И когда техники соединили кабели, когда была выдана одна, общая, команда и на приборах вспыхнула первая контрольная лампочка, означающая: прошел сигнал, — Жюль Шарль хлопнул Назаренко по плечу и произнес торжествующе: «Дело сделано, Олег!» И тот вслед за переводчиком, но со своей интонацией повторил: «Дело сделано, Жюль!» Хотя у каждого из них за плечами был уже немалый опыт исследовательской работы и каждый из них твердо знал — все еще только начинается.

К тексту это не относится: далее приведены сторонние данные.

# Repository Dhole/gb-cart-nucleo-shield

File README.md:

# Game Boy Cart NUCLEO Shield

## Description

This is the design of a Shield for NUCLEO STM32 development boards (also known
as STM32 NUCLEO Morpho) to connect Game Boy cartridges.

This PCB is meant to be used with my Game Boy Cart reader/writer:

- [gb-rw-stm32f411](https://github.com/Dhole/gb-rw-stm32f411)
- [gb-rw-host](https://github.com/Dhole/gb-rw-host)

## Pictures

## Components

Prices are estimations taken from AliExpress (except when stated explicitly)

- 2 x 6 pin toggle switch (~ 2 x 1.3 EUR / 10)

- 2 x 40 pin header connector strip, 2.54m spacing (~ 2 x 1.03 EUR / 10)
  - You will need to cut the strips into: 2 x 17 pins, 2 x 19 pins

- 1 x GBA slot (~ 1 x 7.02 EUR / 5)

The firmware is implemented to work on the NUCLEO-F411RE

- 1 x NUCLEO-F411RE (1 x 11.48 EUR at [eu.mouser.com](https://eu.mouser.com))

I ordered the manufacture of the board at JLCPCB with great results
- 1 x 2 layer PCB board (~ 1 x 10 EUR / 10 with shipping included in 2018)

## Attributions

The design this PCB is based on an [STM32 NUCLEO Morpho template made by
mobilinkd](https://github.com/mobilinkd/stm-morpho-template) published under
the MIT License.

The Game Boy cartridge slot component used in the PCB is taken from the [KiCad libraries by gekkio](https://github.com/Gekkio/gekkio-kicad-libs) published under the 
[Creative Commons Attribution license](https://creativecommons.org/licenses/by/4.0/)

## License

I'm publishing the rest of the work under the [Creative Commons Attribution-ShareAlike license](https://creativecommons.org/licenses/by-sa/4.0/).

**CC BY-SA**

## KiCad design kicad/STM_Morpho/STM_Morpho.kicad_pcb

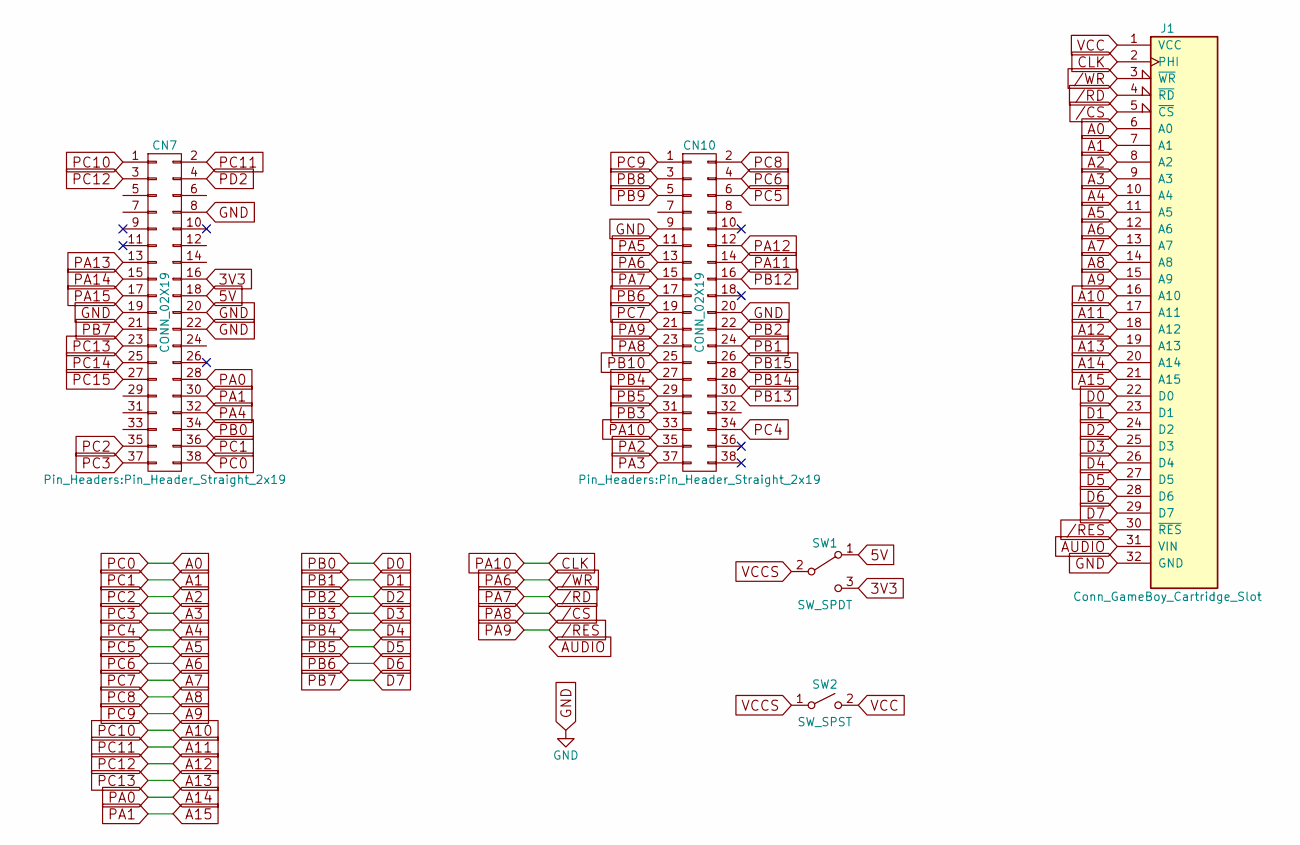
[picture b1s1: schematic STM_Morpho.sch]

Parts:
CN7, CN10: CONN_02X19; Pin_Header_Straight_2x19
J1: Conn_GameBoy_Cartridge_Slot; GameBoy_Cartridge_Slot_DSLite
SW1: SW_SPDT; SW_CuK_JS202011CQN_DPDT_Straight
SW2: SW_SPST; SW_CuK_JS202011CQN_DPDT_Straight

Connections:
3V3: CN7.16, SW1.3 (C)
5V: CN7.18, SW1.1 (A)
/CS: CN10.23, J1.5 (~CS)
/RD: CN10.15, J1.4 (~RD)
/RES: CN10.21, J1.30 (~RES)
/WR: CN10.13, J1.3 (~WR)
A0: CN7.38, J1.6 (A0)
A1: CN7.36, J1.7 (A1)
A2: CN7.35, J1.8 (A2)
A3: CN7.37, J1.9 (A3)
A4: CN10.34, J1.10 (A4)
A5: CN10.6, J1.11 (A5)
A6: CN10.4, J1.12 (A6)
A7: CN10.19, J1.13 (A7)
A8: CN10.2, J1.14 (A8)
A9: CN10.1, J1.15 (A9)
A10: CN7.1, J1.16 (A10)
A11: CN7.2, J1.17 (A11)
A12: CN7.3, J1.18 (A12)
A13: CN7.23, J1.19 (A13)
A14: CN7.28, J1.20 (A14)
A15: CN7.30, J1.21 (A15)
AUDIO: J1.31 (VIN)
CLK: CN10.33, J1.2 (PHI)
D0: CN7.34, J1.22 (D0)
D1: CN10.24, J1.23 (D1)
D2: CN10.22, J1.24 (D2)
D3: CN10.31, J1.25 (D3)
D4: CN10.27, J1.26 (D4)
D5: CN10.29, J1.27 (D5)
D6: CN10.17, J1.28 (D6)
D7: CN7.21, J1.29 (D7)
GND: CN7.8, CN7.19, CN7.20, CN7.22, CN10.9, CN10.20, J1.32 (GND)
PA4: CN7.32
PA5: CN10.11
PA11: CN10.14
PA12: CN10.12
PA13: CN7.13
PA14: CN7.15
PA15: CN7.17
PB8: CN10.3
PB9: CN10.5
PB10: CN10.25
PB12: CN10.16
PB13: CN10.30
PB14: CN10.28
PB15: CN10.26
PC14: CN7.25
PC15: CN7.27
PD2: CN7.4
VCC: J1.1 (VCC), SW2.2 (B)
VCCS: SW1.2 (B), SW2.1 (A)

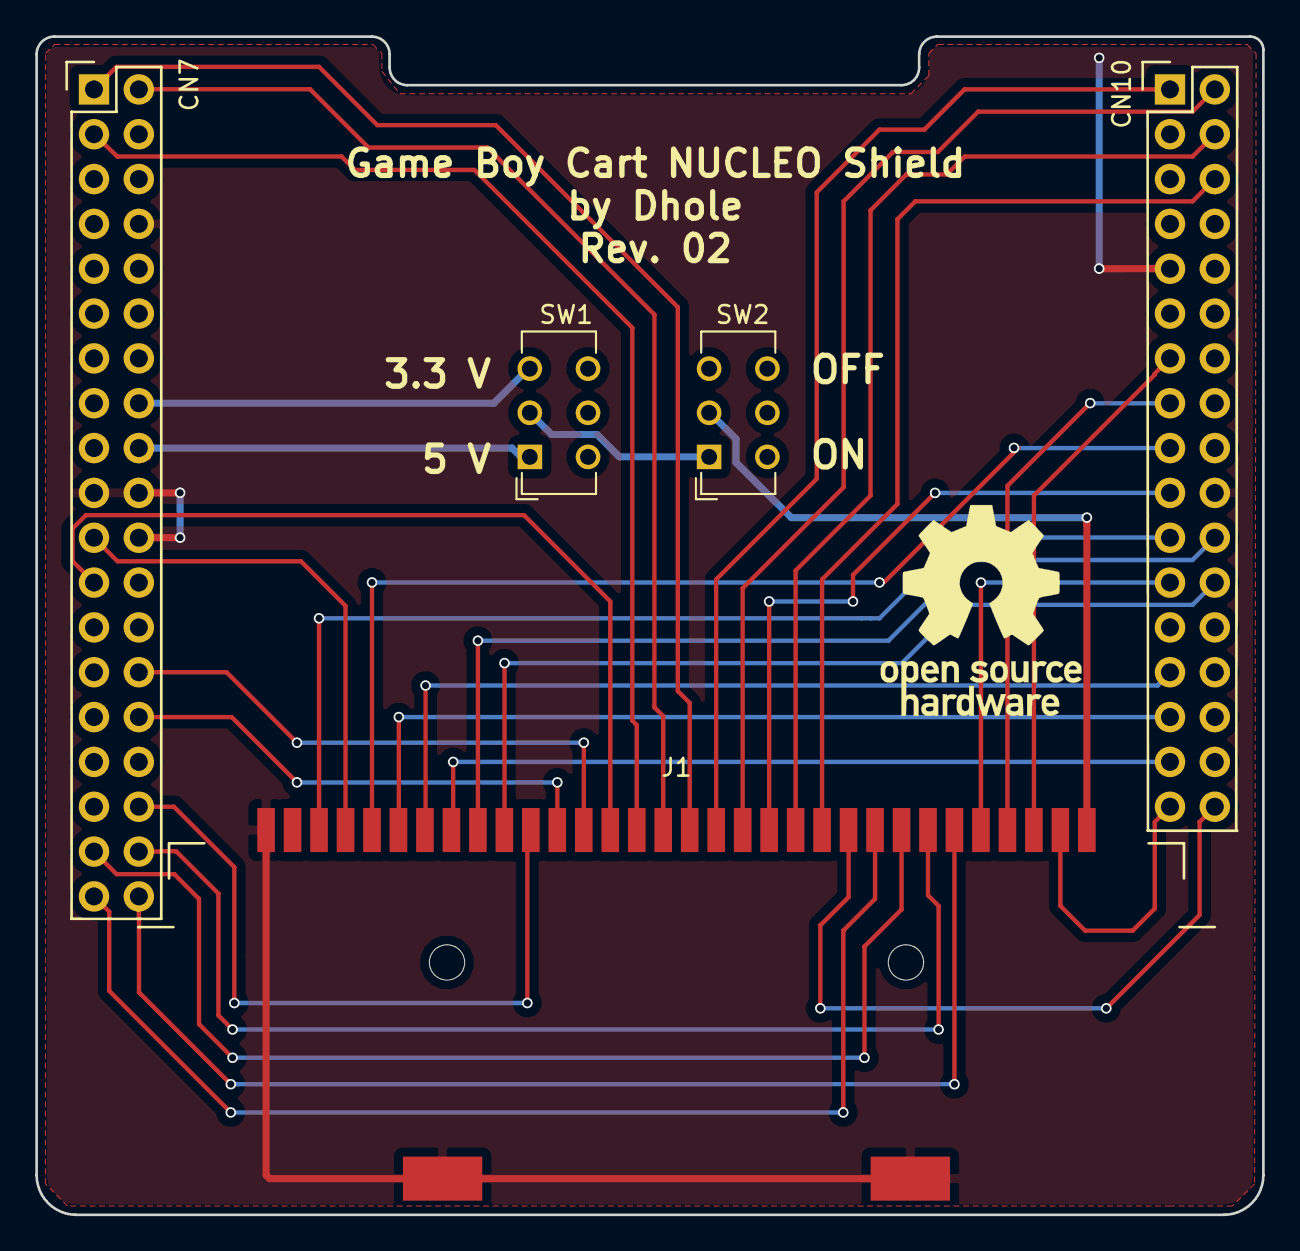
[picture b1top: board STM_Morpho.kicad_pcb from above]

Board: 2 copper layers, 69.5 x 66.8 mm, 5 parts (0 on the bottom side), 34 nets.

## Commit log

2018-03-17 Use submodule for Gekkio Kicad libs
2018-11-27 Use different GBA cart slot
2020-10-06 Add images to README

И вновь внушительный письменный стол слепил глаза зеркально-полированной столешницей. И вновь звонили телефоны и ученый секретарь все так же резко отвечал: «Вы ошиблись. Здесь другое хозяйство». Только Женя Дейнеко уже не стоял, переминаясь с ноги на ногу перед этим столом, как три месяца назад, а поддернув отпаренные накануне Лесей старенькие брюки, молчаливо сидел на самом краешке глубокого и покойного кожаного кресла. Он терпеливо слушал, как хозяин кабинета разговаривает по телефону, отдает краткие распоряжения секретарше, звонит кому-то сам. И всякий раз невольно вздрагивал, когда ученый секретарь, извиняясь, обращался к нему: «Еще буквально одну минуту. Как всегда, с утра миллион срочных дел. Я распутаю этот клубок, и мы поговорим подробно без помех...»
Три месяца назад он ждал почти полтора часа в небольшой приемной, прежде чем был допущен в этот кабинет. Тогда ему даже не предложили сесть. А сегодня секретарша, лишь только услышала его фамилию, сама, открыв дверь, уважительно произнесла: «К вам товарищ Дейнеко».